- **Exercise objective**
Give only a number in reply. It should be how many lines in the records contain the string "knocking".

- **Material for this task**

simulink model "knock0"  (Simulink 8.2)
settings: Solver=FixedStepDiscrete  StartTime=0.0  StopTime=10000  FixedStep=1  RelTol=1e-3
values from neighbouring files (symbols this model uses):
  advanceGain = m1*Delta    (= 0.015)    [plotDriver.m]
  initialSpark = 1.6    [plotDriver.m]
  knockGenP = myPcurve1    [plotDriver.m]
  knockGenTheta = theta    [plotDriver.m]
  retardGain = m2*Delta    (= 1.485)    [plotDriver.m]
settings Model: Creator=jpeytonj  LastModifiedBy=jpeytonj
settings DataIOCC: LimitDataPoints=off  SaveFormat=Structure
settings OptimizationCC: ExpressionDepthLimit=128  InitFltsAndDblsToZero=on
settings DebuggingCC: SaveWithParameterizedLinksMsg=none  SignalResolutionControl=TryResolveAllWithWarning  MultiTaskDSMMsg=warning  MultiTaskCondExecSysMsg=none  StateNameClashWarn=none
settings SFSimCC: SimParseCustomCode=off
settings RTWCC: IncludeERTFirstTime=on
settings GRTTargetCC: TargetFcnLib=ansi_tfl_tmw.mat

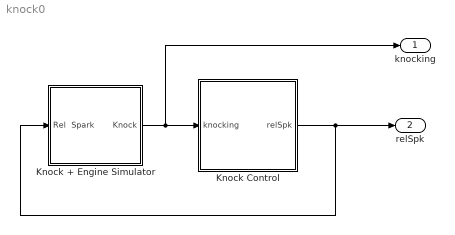
== system knock0 ==
  Knock + Engine Simulator : Subsystem
  Knock Control : Subsystem  TreatAsAtomicUnit=on  mask{initialSpark=initialSpark, retardGain=retardGain, advanceGain=advanceGain, p=0, spkMin=-3, spkMax=2, hiThreshold=2, loThreshold=-2}
      mask prompts: retardGain "Retard Gain:"; advanceGain "Advance Gain:"; p "Desired Knock Probability:"; spkMin "Lower Saturation Limit:"; spkMax "Upper Saturation Limit"; hiThreshold "CumSum Hi Threshold:"; loThreshold "CumSum Lo Threshold:"
  knocking : Outport
  relSpk : Outport  Port=2
  wires:
  Knock + Engine Simulator/1(Knock) -> Knock Control/1(knocking), knocking/1
  Knock Control/1(relSpk) -> Knock + Engine Simulator/1(Rel  Spark), relSpk/1

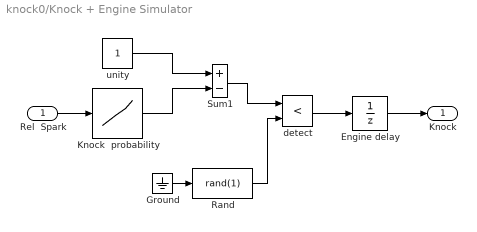
== system knock0/Knock + Engine Simulator ==
  Rel  Spark : Inport
  Engine delay : UnitDelay
  Ground : Ground
  Knock  probability : Lookup  InputValues=knockGenTheta  Table=knockGenP
  Rand : MATLABFcn  MATLABFcn=rand(1)  OutputDimensions=1  SampleTime=[1 0]
  Sum1 : Sum  Inputs=+-
  detect : RelationalOperator  Operator=<  OutDataTypeStr=boolean
  unity : Constant
  Knock : Outport
  wires:
  unity/1 -> Sum1/1
  Knock  probability/1 -> Sum1/2
  Sum1/1 -> detect/1
  Rel  Spark/1 -> Knock  probability/1
  detect/1 -> Engine delay/1
  Engine delay/1 -> Knock/1
  Rand/1 -> detect/2
  Ground/1 -> Rand/1

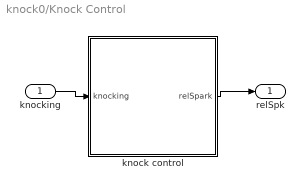
== system knock0/Knock Control ==
  knocking : Inport
  knock control : MATLAB Function  TreatAsAtomicUnit=on
  relSpk : Outport
  wires:
  knock control/1(relSpark) -> relSpk/1
  knocking/1 -> knock control/1(knocking)

== matlab function Knock Control/knock control ==
  data: knocking input double; initialSpark parameter double; relSpark output double; retardGain parameter double; advanceGain parameter double; spkMin parameter double; spkMax parameter double
function relSpark = knCtrl(knocking,initialSpark,retardGain,advanceGain,spkMin,spkMax)

%Computes the new relative spark angle (deg) based on:
%   knocking:       a boolean knock signal
%   initialSpark:   the initial spark relative to borderline
%   retardGain:     the retard amount (deg)
%   advanceGain     the advance amount (deg)

%   Copyright 2009 Villanova University
%   Author: James C. Peyton Jones  (5/1/2009)
%   Version knock0:  Traditional Knock Control
%   Revision:        Date:
%
%

%Declare persistent variables
persistent relSpk

%Initialization
if isempty(relSpk),
    relSpk= double(initialSpark);
end;

%Traditional knock control
if knocking,
	relSpk= relSpk - retardGain;
else
	relSpk= relSpk + advanceGain;
end;

%Apply saturation limits
if relSpk>spkMax, relSpk=spkMax; end;
if relSpk<spkMin, relSpk=spkMin; end;

%Output value
relSpark= double(relSpk);
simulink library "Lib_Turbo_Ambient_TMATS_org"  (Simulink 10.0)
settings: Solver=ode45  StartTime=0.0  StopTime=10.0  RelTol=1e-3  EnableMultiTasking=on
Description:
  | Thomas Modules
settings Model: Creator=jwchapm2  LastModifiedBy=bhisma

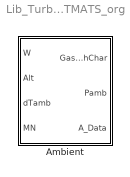
== system Lib_Turbo_Ambient_TMATS_org ==
  Ambient : Subsystem  mask(T-MATS: Ambient Library Block){X_A_AltVec_M=5000*[-1 0 1 2 3 4 5 6 7 8 9 10 12 14 16], T_A_TsVec_M=[536.51 518.67 500.84 483.03 465.22 447.41 429.62 411.84 394.06 389.97 389.97 389.97 389.97 392.25 397.69], T_A_PsVec_M=[17.554 14.696 12.228 10.108 8.297 6.759 5.461 4.373 3.468 2.73 2.149 1.692 1.049 0.651 0.406], AFARc_M=0, X_A_FARVec_M=[0; 0.0050; 0.0100; 0.0150; 0.0200; 0.0250; 0.0300], T_A_RtArray_M=[0.0686;    0.0686;    0.0686;    0.0686;    0.0686;    0.0686;    0.0686], Y_A_TVec_M=[300 10000], T_A_gammaArray_M=[ 1.4 1.4 1.4 1.4 1.4 1.4 1.4; 1.4 1.4 1.4 1.4 1.4 1.4 1.4]}
      mask prompts: X_A_AltVec_M "X_A_AltVec_M - Ambient Altitude Vector (mx1)"; T_A_TsVec_M "T_A_TsVec_M - Ambient Static Temperature Table Vector (Ts = f(Alt)) (mx1)"; T_A_PsVec_M "T_A_PsVec_M - Ambient Static Pressure Table Vector (Ps = f(Alt)) (mx1)"; AFARc_M "AFARc_M - Ambient air quality (combusted Fuel to Air Ratio) [frac]"; X_A_FARVec_M "X_A_FARVec_M - Fuel to Air ratio Vector (fx1)"; T_A_RtArray_M "T_A_RtArray_M - Rt Table (Rt = f(FAR)) (fx1)"; Y_A_TVec_M "Y_A_TVec_M - Temperature  Vector (tx1)"; T_A_gammaArray_M "T_A_gammaArray_M - gamma Table (gamma = f(T,FAR)) (txf)"
      mask help: This block translates environmental condition to gas characteristics: Alt, dTamb, Air purity, and MN to Pressure, Temperature, FAR, and Velocity.
      mask Help: web(which('Turbo_TMATS_Amb.html'),'-helpbrowser')

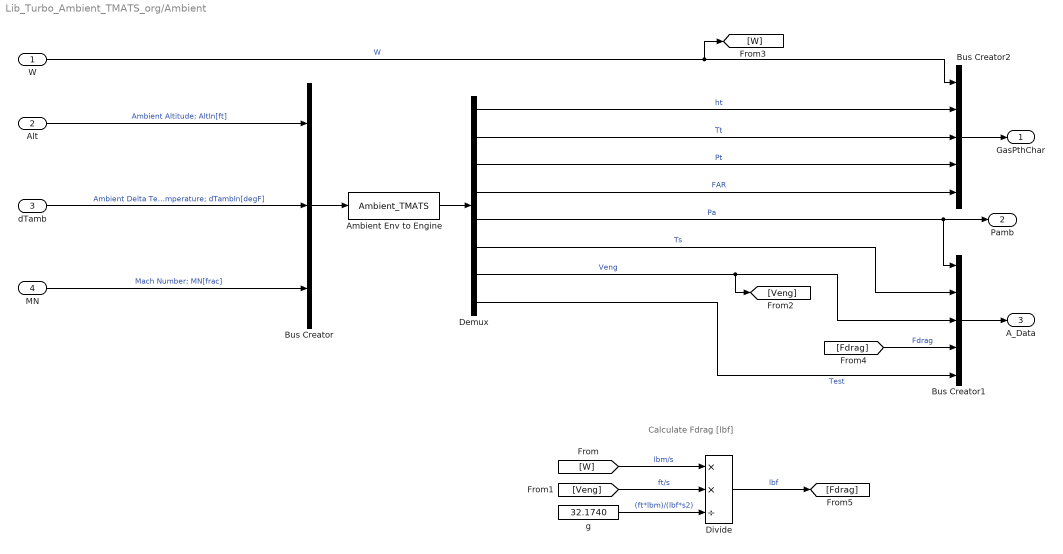
== system Lib_Turbo_Ambient_TMATS_org/Ambient ==
  note: Calculate Fdrag [lbf]
  W : Inport
  Alt : Inport  Port=2
  dTamb : Inport  Port=3
  MN : Inport  Port=4
  Ambient Env to Engine : S-Function  FunctionName=Ambient_TMATS  Parameters="X_A_AltVec_M, T_A_TsVec_M, T_A_PsVec_M, X_A_FARVec_M, Y_A_TVec_M, T_A_RtArray_M, T_A_gammaArray_M, AFARc_M,   gcs"  SFunctionModules='pt2sc_TMATS sp2tc_TMATS t2hc_TMATS interp1Ac_TMATS interp2Ac_TMATS functions_TMATS'  SFunctionDeploymentMode=off  EnableBusSupport=off
  Bus Creator : BusCreator  Inputs=3
  Bus Creator1 : BusCreator  Inputs=5
  Bus Creator2 : BusCreator  Inputs=5
  Demux : Demux  Outputs=8
  Divide : Product  Inputs=**/
  g : Constant  Value=32.1740
  GasPthChar : Outport
  Pamb : Outport  Port=2
  A_Data : Outport  Port=3
  wires:
  Demux/6 -> Bus Creator1/2  "Ts"
  Demux/5 -> Bus Creator1/1, Pamb/1  "Pa"
  Ambient Env to Engine/1 -> Demux/1
  Demux/2 -> Bus Creator2/3  "Tt"
  Demux/3 -> Bus Creator2/4  "Pt"
  Bus Creator/1 -> Ambient Env to Engine/1
  dTamb/1 -> Bus Creator/2  "Ambient Delta Temperature; dTambIn[degF]"
  MN/1 -> Bus Creator/3  "Mach Number; MN[frac]"
  Alt/1 -> Bus Creator/1  "Ambient Altitude; AltIn[ft]"
  Demux/7 -> [Veng], Bus Creator1/3  "Veng"
  Demux/4 -> Bus Creator2/5  "FAR"
  Bus Creator1/1 -> A_Data/1
  Demux/1 -> Bus Creator2/2  "ht"
  W/1 -> [W], Bus Creator2/1  "W"
  Bus Creator2/1 -> GasPthChar/1
  Demux/8 -> Bus Creator1/5  "Test"
  g/1 -> Divide/3  "(ft*lbm)/(lbf*s2)"
  [Veng] -> Divide/2  "ft/s"
  [W] -> Divide/1  "lbm/s"
  Divide/1 -> [Fdrag]  "lbf"
  [Fdrag] -> Bus Creator1/4  "Fdrag"

- **Result of the exercise**
8